The full build dance above only has to happen on **one** machine. The resulting
`ior` binary is portable across Linux hosts: `scp ior other-host:/usr/local/bin/`
and run it there.

Two reasons it works:

- The Go binary is compiled with `-extldflags "-static"` and links libbpf,
  libelf, libzstd, and zlib as static archives. There is no runtime dependency
  on the build host's library versions (a couple of glibc resolver functions,
  `getpwnam_r` and friends, fall back to the target's libc, which is fine on
  any reasonable distro).
- The BPF object inside the binary is built with libbpf's CO-RE
  (Compile-Once, Run-Everywhere) machinery. Field offsets are not baked into
  the bytecode; libbpf reads the target kernel's BTF (`/sys/kernel/btf/vmlinux`)
  at load time and patches the program for that kernel. As long as the target
  ships BTF (true on every Debian, Ubuntu, Fedora, Arch, RHEL, and ElRepo
  `kernel-ml` build at the time of writing) the same `ior` binary runs without
  recompilation.

Pick one Rocky 9 / Fedora box, do the build dance once, then distribute the
23 MB binary to wherever you want to trace.
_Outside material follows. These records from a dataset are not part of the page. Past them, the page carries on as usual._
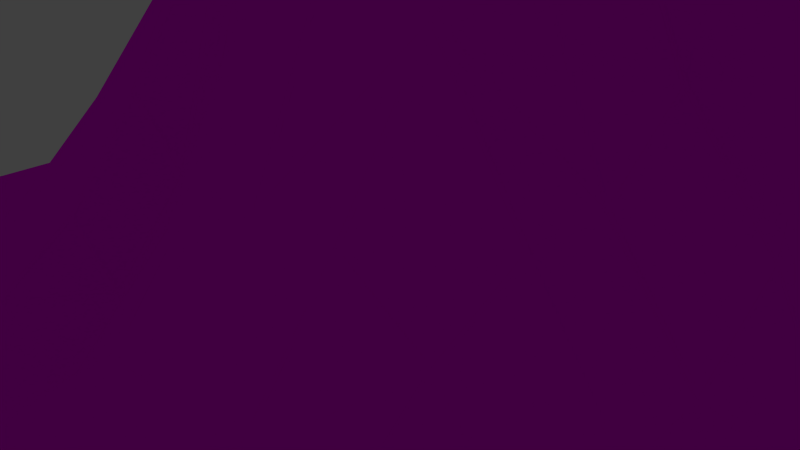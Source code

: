 # Source: corner_external.blend  (saved by Blender 2.66.1; exported with 4.5.12 LTS)
import bpy
from mathutils import Matrix  # noqa: F401  (used for matrix-valued properties, if any)

bpy.ops.wm.read_factory_settings(use_empty=True)
scene = bpy.context.scene
scene.name = 'Scene'

# ---- collections
col_collection_1 = bpy.data.collections.new('Collection 1'); scene.collection.children.link(col_collection_1)

# ---- images (referenced by path relative to the original .blend; pixels are not part of the script)
import os
ASSET_DIR = os.environ.get("B2B_ASSET_DIR", "")  # directory of the original .blend (textures are referenced by path, not embedded)
HERE = os.path.dirname(os.path.abspath(__file__))  # packed textures are extracted next to this script under _unpacked/

def load_image(name, relpath, width, height, colorspace="sRGB"):
    """Load a texture the original file referenced (path relative to the .blend, or extracted next to this script)."""
    p = next((c for c in (os.path.join(HERE, relpath), os.path.join(ASSET_DIR, relpath)) if relpath and os.path.exists(c)), "")
    if p:
        img = bpy.data.images.load(p, check_existing=True)
        img.name = name
    else:  # same state as the original file: an image datablock whose file is absent (Cycles renders it pink)
        img = bpy.data.images.new(name, width, height)
        img.source = "FILE"
        img.filepath = "//" + (relpath or name)
    img.colorspace_settings.name = colorspace
    return img
img_wallrock2_jpg = load_image('wallrock2.jpg', 'textures/wallrock2.jpg', 1024, 1024, 'sRGB')

# ---- materials (node trees are filled in below, after node groups)
mat_material = bpy.data.materials.new('Material')
mat_material.alpha_threshold = 0.0
mat_material.roughness = 0.5
mat_material.line_color = (0.0, 0.0, 0.0, 1.0)

# ---- material node trees
mat_material.use_nodes = True; mat_material.node_tree.nodes.clear()
_N = mat_material.node_tree.nodes; _L = mat_material.node_tree.links
n0 = _N.new('ShaderNodeOutputMaterial'); n0.name = 'Material Output'; n0.location = (300, 300)
n0.width = 120
n1 = _N.new('ShaderNodeBsdfDiffuse'); n1.name = 'Diffuse BSDF'; n1.location = (10, 300)
n2 = _N.new('ShaderNodeTexImage'); n2.name = 'Image Texture'; n2.location = (-190, 300)
n2.width = 150
n2.image = img_wallrock2_jpg
_L.new(n1.outputs[0], n0.inputs[0])
_L.new(n2.outputs[0], n1.inputs[0])
n0.is_active_output = True

# ---- world
world_world = bpy.data.worlds.new('World'); scene.world = world_world
world_world.color = (0.05088, 0.05088, 0.05088)
world_world.use_sun_shadow = False
world_world.sun_shadow_jitter_overblur = 0.0
world_world.cycles.sampling_method = 'MANUAL'
world_world.cycles.sample_map_resolution = 256

# ---- cameras
cam_camera = bpy.data.cameras.new('Camera')
cam_camera.clip_end = 100.0
cam_camera.lens = 35.0
cam_camera.sensor_width = 32.0
cam_camera.sensor_height = 18.0
cam_camera.ortho_scale = 7.314
cam_camera.dof.focus_distance = 0.0

# ---- lights
light_lamp = bpy.data.lights.new('Lamp', 'POINT')
light_lamp.transmission_factor = 0.0
light_lamp.cutoff_distance = 30.0
light_lamp.energy = 100.0
light_lamp.shadow_buffer_clip_start = 1.001
light_lamp.shadow_soft_size = 0.1
light_lamp.shadow_maximum_resolution = 0.006
light_lamp.use_absolute_resolution = True
light_lamp.cycles.use_multiple_importance_sampling = False

# ---- meshes
me_plane = bpy.data.meshes.new('Plane')
me_plane.from_pydata([(1.0, -1.0, 0.0007491), (-1.0, -1.0, 0.0), (1.0, 1.0, 2.828), (-1.0, 1.0, 0.0), (0.0003094, -1.0, 0.0007491), (0.0005717, -1.0, 0.0), (0.0003094, 1.0, 2.828), (0.0005717, 1.0, 0.0), (1.0, -3.576e-07, 2.828), (-1.0, 0.0, 0.0), (-0.02398, 0.01719, 2.048), (-0.08858, -0.1227, 2.785), (0.02108, -0.02083, 2.016), (-0.01631, -0.02083, 1.862), (1.0, -4.686e-08, 0.0007491), (-1.0, 0.0, 0.0), (-0.1662, -1.0, 0.0), (-0.333, -1.0, 0.0), (-0.4997, -1.0, 0.0), (-0.6665, -1.0, 0.0), (-0.8332, -1.0, 0.0), (-0.1662, 1.0, 0.0), (-0.333, 1.0, 0.0), (-0.4997, 1.0, 0.0), (-0.6665, 1.0, 0.0), (-0.8332, 1.0, 0.0), (-0.1657, 0.02083, 1.317), (-0.333, 0.02083, 0.7074), (-0.4997, 0.02083, 0.09824), (-0.6665, 0.02083, 0.003029), (-0.8332, 0.02083, 0.0), (-0.1512, -0.02083, 1.316), (-0.3295, -0.02083, 0.7696), (-0.4997, -0.02083, 0.3613), (-0.6665, -0.02083, 0.1535), (-0.8332, -0.02083, 0.01963), (0.1669, -1.0, 0.0007491), (0.3335, -1.0, 0.0007491), (0.5002, -1.0, 0.0007491), (0.6668, -1.0, 0.0007491), (0.8334, -1.0, 0.0007491), (0.1669, 1.0, 2.828), (0.3335, 1.0, 2.828), (0.5002, 1.0, 2.828), (0.6668, 1.0, 2.828), (0.8334, 1.0, 2.828), (0.7863, -0.04947, 2.765), (0.5669, -0.1169, 2.766), (0.3973, -0.1905, 2.773), (0.2327, -0.2386, 2.784), (0.06407, -0.1905, 2.799), (0.8467, -0.02447, 0.3189), (0.6767, -0.02447, 0.5288), (0.5067, -0.02448, 0.8785), (0.3367, -0.02448, 1.407), (0.1667, -0.02448, 1.925), (1.0, 0.1667, 2.828), (1.0, 0.3333, 2.828), (1.0, 0.5, 2.828), (1.0, 0.6667, 2.828), (1.0, 0.8333, 2.828), (-0.02393, 0.1664, 2.026), (-0.01019, 0.3365, 1.925), (0.05852, 0.5066, 1.414), (0.003556, 0.6766, 0.8771), (-0.02393, 0.8467, 0.5031), (-0.06895, 0.05247, 2.799), (-0.04245, 0.2427, 2.799), (-0.06011, 0.3937, 2.783), (-0.04245, 0.576, 2.772), (-0.01712, 0.7709, 2.768), (-1.0, 0.1667, 0.0), (-1.0, 0.3333, 0.0), (-1.0, 0.5, 0.0), (-1.0, 0.6667, 0.0), (-1.0, 0.8333, 0.0), (-0.8332, 0.1667, 0.0), (-0.8332, 0.3333, 0.0), (-0.8332, 0.5, 0.0), (-0.8332, 0.6667, 0.0), (-0.8332, 0.8333, 0.0), (-0.6665, 0.1667, 0.0), (-0.6665, 0.3333, 0.0), (-0.6665, 0.5, 0.01963), (-0.6665, 0.6667, 0.01963), (-0.6665, 0.8333, 0.0), (-0.4997, 0.1667, 0.09122), (-0.4997, 0.3333, 0.06518), (-0.4997, 0.5, 0.1437), (-0.4997, 0.6667, 0.1437), (-0.4997, 0.8333, 0.03927), (-0.333, 0.1667, 0.6617), (-0.333, 0.3333, 0.479), (-0.3192, 0.5, 0.4549), (-0.333, 0.6667, 0.3582), (-0.333, 0.8333, 0.1696), (-0.1662, 0.1667, 1.31), (-0.1524, 0.3333, 1.266), (-0.09748, 0.5, 1.107), (-0.1524, 0.6667, 0.7092), (-0.1662, 0.8333, 0.3386), (0.133, 0.1103, 2.823), (0.1593, 0.3208, 2.826), (0.1504, 0.4797, 2.826), (0.1593, 0.6542, 2.826), (0.1593, 0.8208, 2.826), (0.3171, 0.1198, 2.826), (0.3335, 0.3333, 2.828), (0.3335, 0.5, 2.828), (0.3335, 0.6667, 2.828), (0.3335, 0.8333, 2.828), (0.4827, 0.1306, 2.826), (0.5002, 0.3333, 2.828), (0.5002, 0.5, 2.828), (0.5002, 0.6667, 2.828), (0.5002, 0.8333, 2.828), (0.6503, 0.1463, 2.826), (0.6668, 0.3333, 2.828), (0.6668, 0.5, 2.828), (0.6668, 0.6667, 2.828), (0.6668, 0.8333, 2.828), (0.8257, 0.1542, 2.826), (0.8334, 0.3333, 2.828), (0.8334, 0.5, 2.828), (0.8334, 0.6667, 2.828), (0.8334, 0.8333, 2.828), (-1.0, -0.1667, 0.0), (-1.0, -0.3333, 0.0), (-1.0, -0.5, 0.0), (-1.0, -0.6667, 0.0), (-1.0, -0.8333, 0.0), (1.0, -0.1667, 0.0007491), (1.0, -0.3333, 0.0007491), (1.0, -0.5, 0.0007491), (1.0, -0.6667, 0.0007491), (1.0, -0.8333, 0.0007491), (-0.009963, -0.1667, 1.054), (-0.01792, -0.3333, 0.265), (-0.02029, -0.5, 0.02922), (-0.02029, -0.6667, 4.547e-05), (-0.02029, -0.8333, 4.547e-05), (0.02151, -0.1667, 1.261), (0.02114, -0.3333, 0.4953), (0.02114, -0.5, 0.1869), (0.02114, -0.6667, 0.04), (0.02114, -0.8333, 0.0007343), (-0.8332, -0.8333, 0.0), (-0.8332, -0.6667, 0.0), (-0.8332, -0.5, 0.0), (-0.8332, -0.3333, 0.01963), (-0.8332, -0.1667, 0.01963), (-0.6665, -0.8333, 0.0), (-0.6665, -0.6667, 0.0), (-0.6665, -0.5, 0.03927), (-0.6665, -0.3333, 0.1437), (-0.6665, -0.1667, 0.1634), (-0.4997, -0.8333, 0.0), (-0.4997, -0.6667, 0.01963), (-0.4997, -0.5, 0.1437), (-0.4997, -0.3333, 0.3125), (-0.4997, -0.1667, 0.3841), (-0.333, -0.8333, 0.0), (-0.333, -0.6667, 0.01963), (-0.333, -0.5, 0.1437), (-0.333, -0.3333, 0.3582), (-0.333, -0.1667, 0.6384), (-0.1662, -0.8333, 0.0), (-0.1662, -0.6667, 0.0), (-0.1662, -0.5, 0.03927), (-0.1662, -0.3333, 0.2349), (-0.1604, -0.1667, 0.787), (0.1669, -0.8333, 0.02038), (0.1669, -0.6667, 0.1445), (0.1669, -0.5, 0.3589), (0.1669, -0.3333, 0.708), (0.1669, -0.1667, 1.311), (0.3335, -0.8333, 0.02038), (0.3335, -0.6667, 0.1641), (0.3335, -0.5, 0.3849), (0.3335, -0.3333, 0.7537), (0.3335, -0.1667, 1.144), (0.5002, -0.8333, 0.02038), (0.5002, -0.6667, 0.1641), (0.5002, -0.5, 0.3849), (0.5002, -0.3333, 0.6392), (0.5002, -0.1667, 0.7537), (0.6668, -0.8333, 0.02038), (0.6668, -0.6667, 0.1445), (0.6668, -0.5, 0.2936), (0.6668, -0.3333, 0.3849), (0.6668, -0.1667, 0.3849), (0.8334, -0.8333, 0.0007491), (0.8334, -0.6667, 0.02038), (0.8334, -0.5, 0.06593), (0.8334, -0.3333, 0.1445), (0.8334, -0.1667, 0.1641), (0.000392, -1.0, 0.0005132), (0.000392, 1.0, 1.938), (-0.07562, -0.02653, 2.601), (0.0003872, -0.02083, 1.993), (-0.06214, 0.1321, 2.593), (-0.06214, 0.3021, 2.56), (-0.0484, 0.4722, 2.343), (-0.05723, 0.6344, 2.158), (-0.05233, 0.8181, 2.028), (0.0003934, -0.8333, 0.0005092), (0.0003934, -0.6667, 0.01396), (0.0003934, -0.5, 0.1178), (0.001139, -0.3333, 0.3892), (0.004853, -0.1667, 1.207), (-0.02595, 0.8073, 2.438), (-0.0003943, -2.606e-07, 2.233), (0.0004443, 1.0, 1.374), (0.0004443, -1.0, 0.0003638), (0.4478, 0.01599, 2.177), (0.2778, -0.0272, 2.353), (0.1165, -0.03852, 2.567), (-0.1598, -1.374e-07, 1.345), (-0.03134, -0.02961, 2.466), (0.7623, -0.009696, 1.987), (0.6002, 0.01108, 2.059), (-0.03577, 0.1349, 2.707), (-1.0, 0.0, 0.0), (1.0, -3.097e-07, 2.392), (-0.006307, -0.03232, 2.696), (-0.6665, -1.738e-09, 0.08764), (-0.8332, 4.833e-34, 0.009803), (-0.4997, -2.112e-08, 0.2516), (-0.01745, 0.3465, 2.393), (-0.1631, -1.396e-07, 1.329), (-0.00733, -0.007283, 2.329), (0.8781, -0.02099, 1.336), (0.7167, -0.01678, 1.454), (-0.003747, -0.003642, 2.318), (-0.02377, -0.003642, 2.042), (0.0003507, -0.8333, 0.000631), (0.0003507, -0.6667, 0.01717), (0.0003507, -0.5, 0.1413), (-0.01986, -2.048e-07, 2.013), (0.0004537, -0.8333, 0.000337), (-0.3312, -7.614e-08, 0.7385), (-0.06567, -0.04368, 2.623), (0.464, -0.03883, 2.507), (-0.01712, 0.3151, 2.69), (-0.03479, 0.4661, 2.587), (-0.05245, 0.617, 2.499), (-0.3319, -7.631e-08, 0.7266), (-0.4997, -1.619e-08, 0.1832), (-0.6665, -1.074e-09, 0.05111), (-0.8332, 2.987e-34, 0.006058), (-0.01997, -1.87e-07, 2.026), (-1.0, 0.0, 0.0), (1.0, -2.618e-07, 1.956), (0.003355, -0.0364, 2.58), (-0.01381, 0.891, 1.424), (0.03752, 0.7207, 1.655), (0.05126, 0.5336, 1.998), (0.3426, -0.02758, 2.008), (-0.1551, -1.336e-07, 1.367), (0.1593, -0.02393, 2.397), (0.5297, -0.01678, 1.675), (0.008252, -0.1667, 1.165), (-1.0, 0.0, 0.0), (0.01973, -0.00989, 2.419), (1.0, -2.025e-07, 1.417), (0.0004537, -0.6667, 0.009872), (0.0004537, -0.5, 0.08414), (0.001671, -0.3333, 0.3427), (-0.03123, -0.003344, 2.462), (0.0003654, -0.02083, 1.978), (-0.03119, 0.1595, 2.453), (-0.03146, -0.02758, 2.414), (-0.0805, -0.05621, 2.562), (0.7982, -0.02312, 2.416), (0.6051, -0.04668, 2.45), (0.0003554, -0.02083, 2.005), (-0.07504, -0.03387, 2.699), (0.0003507, 1.0, 2.382), (0.0003507, -1.0, 0.000631), (-0.003302, -0.005681, 2.366), (-0.02802, -0.03834, 2.518), (0.002532, -0.1667, 1.237), (0.0007239, -0.3333, 0.422), (-0.3324, -7.644e-08, 0.717), (-0.4997, -1.284e-08, 0.1364), (-0.6665, -5.369e-10, 0.0252), (-0.8332, 1.493e-34, 0.003029), (-0.08858, -0.1227, 2.785), (0.5669, -0.1169, 2.766), (0.3973, -0.1905, 2.773), (0.2327, -0.2386, 2.784), (0.06407, -0.1905, 2.799), (0.4478, 0.01599, 2.177), (0.2778, -0.0272, 2.353), (0.1165, -0.03852, 2.567), (-0.006307, -0.03232, 2.696), (0.3072, -0.05257, 2.592), (0.1396, -0.04177, 2.693), (0.464, -0.03883, 2.507), (0.003355, -0.0364, 2.58), (0.6051, -0.04668, 2.45)], [], [(125, 60, 2, 45), (100, 65, 7, 21), (210, 70, 6, 277), (273, 223, 8, 46), (229, 234, 10, 26), (241, 224, 11, 276), (281, 141, 12, 275), (170, 136, 13, 31), (195, 131, 14, 51), (75, 80, 25, 3), (80, 85, 24, 25), (85, 90, 23, 24), (90, 95, 22, 23), (95, 100, 21, 22), (222, 286, 30, 9), (286, 285, 29, 30), (285, 284, 28, 29), (284, 283, 27, 28), (283, 229, 26, 27), (126, 150, 35, 15), (150, 155, 34, 35), (155, 160, 33, 34), (160, 165, 32, 33), (165, 170, 31, 32), (70, 105, 41, 6), (105, 110, 42, 41), (110, 115, 43, 42), (115, 120, 44, 43), (120, 125, 45, 44), (274, 273, 46, 47), (141, 175, 55, 12), (175, 180, 54, 55), (180, 185, 53, 54), (185, 190, 52, 53), (190, 195, 51, 52), (46, 8, 56, 121), (121, 56, 57, 122), (122, 57, 58, 123), (123, 58, 59, 124), (124, 59, 60, 125), (26, 10, 61, 96), (96, 61, 62, 97), (97, 62, 63, 98), (98, 63, 64, 99), (99, 64, 65, 100), (276, 11, 66, 221), (221, 66, 67, 243), (243, 67, 68, 244), (244, 68, 69, 245), (245, 69, 70, 210), (9, 30, 76, 71), (71, 76, 77, 72), (72, 77, 78, 73), (73, 78, 79, 74), (74, 79, 80, 75), (30, 29, 81, 76), (76, 81, 82, 77), (77, 82, 83, 78), (78, 83, 84, 79), (79, 84, 85, 80), (29, 28, 86, 81), (81, 86, 87, 82), (82, 87, 88, 83), (83, 88, 89, 84), (84, 89, 90, 85), (28, 27, 91, 86), (86, 91, 92, 87), (87, 92, 93, 88), (88, 93, 94, 89), (89, 94, 95, 90), (27, 26, 96, 91), (91, 96, 97, 92), (92, 97, 98, 93), (93, 98, 99, 94), (94, 99, 100, 95), (11, 50, 101, 66), (66, 101, 102, 67), (67, 102, 103, 68), (68, 103, 104, 69), (69, 104, 105, 70), (50, 49, 106, 101), (101, 106, 107, 102), (102, 107, 108, 103), (103, 108, 109, 104), (104, 109, 110, 105), (49, 48, 111, 106), (106, 111, 112, 107), (107, 112, 113, 108), (108, 113, 114, 109), (109, 114, 115, 110), (48, 47, 116, 111), (111, 116, 117, 112), (112, 117, 118, 113), (113, 118, 119, 114), (114, 119, 120, 115), (47, 46, 121, 116), (116, 121, 122, 117), (117, 122, 123, 118), (118, 123, 124, 119), (119, 124, 125, 120), (278, 4, 145, 235), (235, 145, 144, 236), (236, 144, 143, 237), (237, 143, 142, 282), (282, 142, 141, 281), (16, 5, 140, 166), (166, 140, 139, 167), (167, 139, 138, 168), (168, 138, 137, 169), (169, 137, 136, 170), (40, 0, 135, 191), (191, 135, 134, 192), (192, 134, 133, 193), (193, 133, 132, 194), (194, 132, 131, 195), (1, 20, 146, 130), (130, 146, 147, 129), (129, 147, 148, 128), (128, 148, 149, 127), (127, 149, 150, 126), (20, 19, 151, 146), (146, 151, 152, 147), (147, 152, 153, 148), (148, 153, 154, 149), (149, 154, 155, 150), (19, 18, 156, 151), (151, 156, 157, 152), (152, 157, 158, 153), (153, 158, 159, 154), (154, 159, 160, 155), (18, 17, 161, 156), (156, 161, 162, 157), (157, 162, 163, 158), (158, 163, 164, 159), (159, 164, 165, 160), (17, 16, 166, 161), (161, 166, 167, 162), (162, 167, 168, 163), (163, 168, 169, 164), (164, 169, 170, 165), (4, 36, 171, 145), (145, 171, 172, 144), (144, 172, 173, 143), (143, 173, 174, 142), (142, 174, 175, 141), (36, 37, 176, 171), (171, 176, 177, 172), (172, 177, 178, 173), (173, 178, 179, 174), (174, 179, 180, 175), (37, 38, 181, 176), (176, 181, 182, 177), (177, 182, 183, 178), (178, 183, 184, 179), (179, 184, 185, 180), (38, 39, 186, 181), (181, 186, 187, 182), (182, 187, 188, 183), (183, 188, 189, 184), (184, 189, 190, 185), (39, 40, 191, 186), (186, 191, 192, 187), (187, 192, 193, 188), (188, 193, 194, 189), (189, 194, 195, 190), (254, 204, 197, 212), (271, 272, 198, 268), (261, 209, 199, 269), (268, 198, 200, 270), (270, 200, 201, 228), (228, 201, 202, 256), (256, 202, 203, 255), (255, 203, 204, 254), (213, 196, 205, 239), (239, 205, 206, 265), (265, 206, 207, 266), (266, 207, 208, 267), (267, 208, 209, 261), (62, 228, 256, 63), (15, 35, 226, 262), (279, 263, 253, 280), (262, 226, 249, 251), (227, 240, 246, 247), (250, 230, 271, 234), (61, 270, 228, 62), (225, 227, 247, 248), (138, 266, 267, 137), (232, 231, 219, 220), (35, 34, 225, 226), (260, 232, 220, 214), (5, 213, 239, 140), (226, 225, 248, 249), (240, 258, 217, 246), (65, 254, 212, 7), (12, 55, 259, 263), (211, 233, 218, 230), (259, 257, 215, 216), (269, 199, 233, 211), (258, 238, 250, 217), (263, 259, 216, 253), (202, 244, 245, 203), (231, 264, 252, 219), (257, 260, 214, 215), (136, 261, 269, 13), (272, 241, 276, 198), (139, 265, 266, 138), (54, 53, 260, 257), (53, 52, 232, 260), (55, 54, 257, 259), (238, 211, 230, 250), (33, 32, 240, 227), (233, 279, 280, 218), (51, 14, 264, 231), (63, 256, 255, 64), (10, 268, 270, 61), (275, 12, 263, 279), (34, 33, 227, 225), (52, 51, 231, 232), (31, 13, 238, 258), (32, 31, 258, 240), (140, 239, 265, 139), (218, 280, 241, 272), (137, 267, 261, 136), (214, 220, 274, 242), (234, 271, 268, 10), (209, 281, 275, 199), (196, 278, 235, 205), (280, 253, 224, 241), (13, 269, 211, 238), (248, 247, 284, 285), (64, 255, 254, 65), (203, 245, 210, 204), (205, 235, 236, 206), (249, 248, 285, 286), (208, 282, 281, 209), (201, 243, 244, 202), (207, 237, 282, 208), (206, 236, 237, 207), (199, 275, 279, 233), (204, 210, 277, 197), (230, 218, 272, 271), (198, 276, 221, 200), (200, 221, 243, 201), (219, 252, 223, 273), (251, 249, 286, 222), (220, 219, 273, 274), (246, 217, 229, 283), (247, 246, 283, 284), (217, 250, 234, 229), (295, 297, 291, 287), (297, 296, 290, 291), (296, 298, 289, 290), (298, 300, 288, 289), (293, 292, 298, 296), (299, 294, 297, 295), (294, 293, 296, 297)])
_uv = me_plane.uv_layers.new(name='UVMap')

The build host needs all the dev
tooling; the trace hosts need only a BTF-enabled kernel and `sudo`.

## Timing semantics

Each reported event pair has two timing counters:

- `durationNs`: syscall runtime on the same thread (`exit(current) - enter(current)`).
- `durationToPrevNs`: inter-syscall gap on the same thread (`enter(current) - exit(previous)`).

Important details:

- `durationToPrevNs` is tracked per `tid` (thread), not globally across all threads.
- The first observed syscall pair for a thread has `durationToPrevNs = 0` because
  there is no prior exit timestamp.
- `durationToPrevNs` is attributed to the current syscall pair (the one whose
  `enter` closes the gap).
- There is no separate "idle" pseudo-event bucket; use the `durationToPrev` count
  field when aggregated flamegraph output should emphasize inter-syscall time.